Political Interest Groups on Twitter

A cross-institution group of researchers who are bringing computational social media analysis methods to political science research approached the Digital Observatory to set up infrastructure to make their computational work easier. They wanted a computational lab set up to provide a straightforward environment for R work on a shared dataset of several million tweets.

We worked with the research team to determine their requirements and the methods they intended to use the system for. The final design was to provide an RStudio Server instance for the research team, from which they could access a database of their tweet data, pre-processed and tidied.

Both the RStudio Server and the database were set up on the Nectar Research Cloud, and we provided documentation for the research team to manage their own user accounts and access to their resources. A file syncing process was set up on the RStudio Server virtual machine so that the research team would easily be able to upload and download files from the server to their own local machines.

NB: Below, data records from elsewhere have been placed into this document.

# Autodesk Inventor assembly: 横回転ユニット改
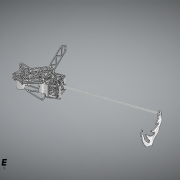
[picture p0: Inventor's stored thumbnail of the model, 180x180]
Saved by Autodesk Inventor 2020 (Build 240168000, 168)
## iProperties
Created: 2020-02-25
Part Number: 横回転ユニット改
Document SubType Name: Assembly
Designer: tanjihayato
Mass: 802.407 g
Surface Area: 1513.59 cm^2
Volume: 280.792 cm^3
Density: 2.85766 g/cm^3
Author: tanjihayato
## Documents named in this file (29)
- \\Mac\Home\Documents\Inventor\2019お遊び機体\横回転ユニット改.iam
- \\Mac\Home\Documents\Inventor\2019お遊び機体\横回転フレーム改.ipt
- \\Mac\Home\Documents\Inventor\2019お遊び機体\横回転フレーム改２.ipt
- \\Mac\Home\Documents\Inventor\2019お遊び機体\横回転フレーム改３.ipt
- \\Mac\Home\Documents\Inventor\2019お遊び機体\スペーサ　m3-l20.ipt
- \\Mac\Home\Documents\Inventor\2019お遊び機体\スペーサ　m3-l30.ipt
- \\Mac\Home\Documents\Inventor\2019お遊び機体\スペーサ　m3-l7.ipt
- \\Mac\Home\Documents\Inventor\2019お遊び機体\モーター(形だけ).ipt
- \\Mac\Home\Documents\Inventor\2019お遊び機体\横回転最終段.ipt
- \\Mac\Home\Documents\Inventor\2019お遊び機体\横回転最終段カム.ipt
- \\Mac\Home\Documents\Inventor\2019お遊び機体\横回転棒取り付けパーツ.ipt
- \\Mac\Home\Documents\Inventor\2019お遊び機体\横回転スライダー.ipt
- \\Mac\Home\Documents\Inventor\2019お遊び機体\ねじ皿　m3-l8.ipt
- \\Mac\Home\Documents\Inventor\2019お遊び機体\横回転フランジ付き軸.ipt
- \\Mac\Home\Documents\Inventor\2019お遊び機体\横回転シャフト.ipt
- \\Mac\Home\Documents\Inventor\2019お遊び機体\横回転フレーム改横.ipt
- \\Mac\Home\Documents\Inventor\2019お遊び機体\スペーサ　m3-l55.ipt
- \\Mac\Home\Documents\Inventor\2019お遊び機体\横回転首振りフレーム.ipt
- \\Mac\Home\Documents\Inventor\2019お遊び機体\横回転首振りフレーム２.ipt
- \\Mac\Home\Documents\Inventor\2019お遊び機体\スペーサ　m3-l12.ipt
- \\Mac\Home\Documents\Inventor\2019お遊び機体\アーム下板.ipt
- \\Mac\Home\Documents\Inventor\2019お遊び機体\スペーサ　m4-l45.ipt
- \\Mac\Home\Documents\Inventor\2019お遊び機体\横回転首振り駆動.ipt
- \\Mac\Home\Documents\Inventor\2019お遊び機体\フランジブッシュ　d8-D10-l5-f16.ipt
- \\Mac\Home\Documents\Inventor\2019お遊び機体\横回転鎌.ipt
- \\Mac\Home\Documents\Inventor\2019お遊び機体\m2z25.ipt
- \\Mac\Home\Documents\Inventor\2019お遊び機体\横回転首振り最終段カム.ipt
- \\Mac\Home\Documents\Inventor\2019お遊び機体\横回転カウンター根本.ipt
- \\Mac\Home\Documents\Inventor\2019お遊び機体\横回転首振りフレーム３.ipt
## Components (49 placed, 28 different names)
1. 横回転フレーム改:1 — 挿入:1, 挿入:2, 挿入:3, 挿入:4, 挿入:9, 挿入:10, 挿入:11, 挿入:12
2. 横回転フレーム改２:1 — 挿入:5, メイト:1, 挿入:7, 挿入:8, 挿入:14, メイト:3, メイト:4, メイト:5, メイト:6, メイト:7
3. 横回転フレーム改３:1 — 挿入:13, メイト:2
4. スペーサ　m3-l20:2 — 挿入:2, メイト:1
5. スペーサ　m3-l20:4 — 挿入:1, 挿入:5
6. スペーサ　m3-l30:1 — 挿入:4, メイト:2
7. スペーサ　m3-l30:2 — 挿入:3, 挿入:13
8. スペーサ　m3-l7:1 — 挿入:7
9. スペーサ　m3-l7:2 — 挿入:8
10. モーター(形だけ):1 — 挿入:9
11. モーター(形だけ):2 — 挿入:10
12. モーター(形だけ):3 — 挿入:11
13. モーター(形だけ):4 — 挿入:12
14. 横回転最終段:1 — 挿入:15, 挿入:23
15. 横回転最終段カム:1 — 挿入:14, メイト:3, 挿入:15, 挿入:16, 挿入:17, 挿入:25
16. 横回転棒取り付けパーツ:1 — 挿入:21, 挿入:22, 挿入:26
17. 横回転スライダー:1 — 挿入:21, 挿入:22, 挿入:24
18. ねじ皿　m3-l8:1 — 挿入:16
19. ねじ皿　m3-l8:2 — 挿入:17
20. 横回転フランジ付き軸:1 — 挿入:23, 挿入:24
21. 横回転フランジ付き軸:2 — 挿入:25
22. 横回転シャフト:1 — 挿入:26, 挿入:44
23. 横回転フレーム改横:1 — メイト:4, メイト:5
24. 横回転フレーム改横:2 — メイト:6, メイト:7, 挿入:27, 挿入:28, 挿入:29, 挿入:30, 挿入:42
25. スペーサ　m3-l55:1 — 挿入:30
26. スペーサ　m3-l55:2 — 挿入:29
27. スペーサ　m3-l55:3 — 挿入:27
28. スペーサ　m3-l55:4 — 挿入:28
29. 横回転首振りフレーム:1 — 挿入:35, メイト:11, 挿入:37, 挿入:38, 挿入:39, 挿入:40, 挿入:41, メイト:16, メイト:17, 挿入:47
30. 横回転首振りフレーム２:1 — メイト:8, メイト:9, メイト:10, 挿入:31, 挿入:32, 挿入:33, 挿入:34, 挿入:36, メイト:18, 挿入:48
31. スペーサ　m3-l12:1 — 挿入:33
32. スペーサ　m3-l12:2 — 挿入:31
33. スペーサ　m3-l12:3 — 挿入:34, 挿入:35
34. スペーサ　m3-l12:4 — 挿入:32, メイト:11
35. アーム下板:1 — メイト:8, メイト:9, メイト:10
36. スペーサ　m4-l45:1 — 挿入:36, メイト:12
37. スペーサ　m4-l45:2 — 挿入:38
38. スペーサ　m4-l45:3 — 挿入:37
39. モーター(形だけ):5 — 挿入:39
40. モーター(形だけ):6 — 挿入:40
41. 横回転首振り駆動:1 — 挿入:41, メイト:13, 挿入:43, 挿入:45, メイト:14
42. フランジブッシュ　d8-D10-l5-f16:1 — メイト:12, メイト:13
43. フランジブッシュ　d8-D10-l5-f16:2 — 挿入:42, 挿入:43
44. 横回転鎌:1 — 挿入:44
45. m2z25:1 — 挿入:46, メイト:15
46. 横回転首振り最終段カム:1 — 挿入:45, メイト:14, 挿入:46, メイト:15
47. 横回転カウンター根本:1 — メイト:16, メイト:17
48. 横回転首振りフレーム３:1 — 挿入:47, メイト:18
49. スペーサ　m3-l12:5 — 挿入:48
## Relationships (62: Insert 44, Mate 18)
- 挿入:1 [Insert]: 横回転フレーム改:1 ↔ スペーサ　m3-l20:4
- 挿入:2 [Insert]: 横回転フレーム改:1 ↔ スペーサ　m3-l20:2
- 挿入:3 [Insert]: 横回転フレーム改:1 ↔ スペーサ　m3-l30:2
- 挿入:4 [Insert]: 横回転フレーム改:1 ↔ スペーサ　m3-l30:1
- 挿入:5 [Insert]: 横回転フレーム改２:1 ↔ スペーサ　m3-l20:4
- メイト:1 [Mate]: 横回転フレーム改２:1 ↔ スペーサ　m3-l20:2
- 挿入:7 [Insert]: 横回転フレーム改２:1 ↔ スペーサ　m3-l7:1
- 挿入:8 [Insert]: 横回転フレーム改２:1 ↔ スペーサ　m3-l7:2
- 挿入:9 [Insert]: 横回転フレーム改:1 ↔ モーター(形だけ):1
- 挿入:10 [Insert]: 横回転フレーム改:1 ↔ モーター(形だけ):2
- 挿入:11 [Insert]: 横回転フレーム改:1 ↔ モーター(形だけ):3
- 挿入:12 [Insert]: 横回転フレーム改:1 ↔ モーター(形だけ):4
- 挿入:13 [Insert]: 横回転フレーム改３:1 ↔ スペーサ　m3-l30:2
- メイト:2 [Mate]: 横回転フレーム改３:1 ↔ スペーサ　m3-l30:1
- 挿入:14 [Insert]: 横回転フレーム改２:1 ↔ 横回転最終段カム:1
- メイト:3 [Mate]: 横回転フレーム改２:1 ↔ 横回転最終段カム:1
- 挿入:15 [Insert] (0.5 mm): 横回転最終段:1 ↔ 横回転最終段カム:1
- 挿入:16 [Insert]: 横回転最終段カム:1 ↔ ねじ皿　m3-l8:1
- 挿入:17 [Insert]: 横回転最終段カム:1 ↔ ねじ皿　m3-l8:2
- 挿入:21 [Insert]: 横回転棒取り付けパーツ:1 ↔ 横回転スライダー:1
- 挿入:22 [Insert]: 横回転棒取り付けパーツ:1 ↔ 横回転スライダー:1
- 挿入:23 [Insert]: 横回転最終段:1 ↔ 横回転フランジ付き軸:1
- 挿入:24 [Insert]: 横回転スライダー:1 ↔ 横回転フランジ付き軸:1
- 挿入:25 [Insert]: 横回転最終段カム:1 ↔ 横回転フランジ付き軸:2
- 挿入:26 [Insert]: 横回転棒取り付けパーツ:1 ↔ 横回転シャフト:1
- メイト:4 [Mate]: 横回転フレーム改２:1 ↔ 横回転フレーム改横:1
- メイト:5 [Mate]: 横回転フレーム改２:1 ↔ 横回転フレーム改横:1
- メイト:6 [Mate]: 横回転フレーム改２:1 ↔ 横回転フレーム改横:2
- メイト:7 [Mate]: 横回転フレーム改２:1 ↔ 横回転フレーム改横:2
- 挿入:27 [Insert]: 横回転フレーム改横:2 ↔ スペーサ　m3-l55:3
- 挿入:28 [Insert]: 横回転フレーム改横:2 ↔ スペーサ　m3-l55:4
- 挿入:29 [Insert]: 横回転フレーム改横:2 ↔ スペーサ　m3-l55:2
- 挿入:30 [Insert]: 横回転フレーム改横:2 ↔ スペーサ　m3-l55:1
- メイト:8 [Mate]: 横回転首振りフレーム２:1 ↔ アーム下板:1
- メイト:9 [Mate]: 横回転首振りフレーム２:1 ↔ アーム下板:1
- メイト:10 [Mate]: 横回転首振りフレーム２:1 ↔ アーム下板:1
- 挿入:31 [Insert]: 横回転首振りフレーム２:1 ↔ スペーサ　m3-l12:2
- 挿入:32 [Insert]: 横回転首振りフレーム２:1 ↔ スペーサ　m3-l12:4
- 挿入:33 [Insert]: 横回転首振りフレーム２:1 ↔ スペーサ　m3-l12:1
- 挿入:34 [Insert]: 横回転首振りフレーム２:1 ↔ スペーサ　m3-l12:3
- 挿入:35 [Insert]: 横回転首振りフレーム:1 ↔ スペーサ　m3-l12:3
- メイト:11 [Mate]: 横回転首振りフレーム:1 ↔ スペーサ　m3-l12:4
- 挿入:36 [Insert]: 横回転首振りフレーム２:1 ↔ スペーサ　m4-l45:1
- 挿入:37 [Insert]: 横回転首振りフレーム:1 ↔ スペーサ　m4-l45:3
- 挿入:38 [Insert]: 横回転首振りフレーム:1 ↔ スペーサ　m4-l45:2
- 挿入:39 [Insert]: 横回転首振りフレーム:1 ↔ モーター(形だけ):5
- 挿入:40 [Insert]: 横回転首振りフレーム:1 ↔ モーター(形だけ):6
- 挿入:41 [Insert] (0.5 mm): 横回転首振りフレーム:1 ↔ 横回転首振り駆動:1
- 挿入:42 [Insert]: 横回転フレーム改横:2 ↔ フランジブッシュ　d8-D10-l5-f16:2
- メイト:12 [Mate]: スペーサ　m4-l45:1 ↔ フランジブッシュ　d8-D10-l5-f16:1
- メイト:13 [Mate]: 横回転首振り駆動:1 ↔ フランジブッシュ　d8-D10-l5-f16:1
- 挿入:43 [Insert]: 横回転首振り駆動:1 ↔ フランジブッシュ　d8-D10-l5-f16:2
- 挿入:44 [Insert]: 横回転シャフト:1 ↔ 横回転鎌:1
- 挿入:45 [Insert]: 横回転首振り駆動:1 ↔ 横回転首振り最終段カム:1
- メイト:14 [Mate]: 横回転首振り駆動:1 ↔ 横回転首振り最終段カム:1
- 挿入:46 [Insert]: m2z25:1 ↔ 横回転首振り最終段カム:1
- メイト:15 [Mate]: m2z25:1 ↔ 横回転首振り最終段カム:1
- メイト:16 [Mate]: 横回転首振りフレーム:1 ↔ 横回転カウンター根本:1
- メイト:17 [Mate]: 横回転首振りフレーム:1 ↔ 横回転カウンター根本:1
- 挿入:47 [Insert] (71 mm): 横回転首振りフレーム:1 ↔ 横回転首振りフレーム３:1
- メイト:18 [Mate]: 横回転首振りフレーム２:1 ↔ 横回転首振りフレーム３:1
- 挿入:48 [Insert]: 横回転首振りフレーム２:1 ↔ スペーサ　m3-l12:5

Architecture diagram showing an RStudio server virtual machine (VM) and a database hosted in Nectar.
Architecture diagram showing an RStudio server virtual machine (VM) and a database hosted in Nectar

The Digital Observatory team pre-processed and tidied the raw Twitter data that had previously been collected by the research team, so that the tweets were easily accessible and searchable in the database. We provided sample scripts in R on the server itself, so when the research team started an RStudio session connected to the server, they would be able to use our sample code to load and manipulate tweets from the database.

While the completion and handover of the computational lab setup concluded this project, the Digital Observatory is continuing collaborating with this research group to develop and refine analytical methodology.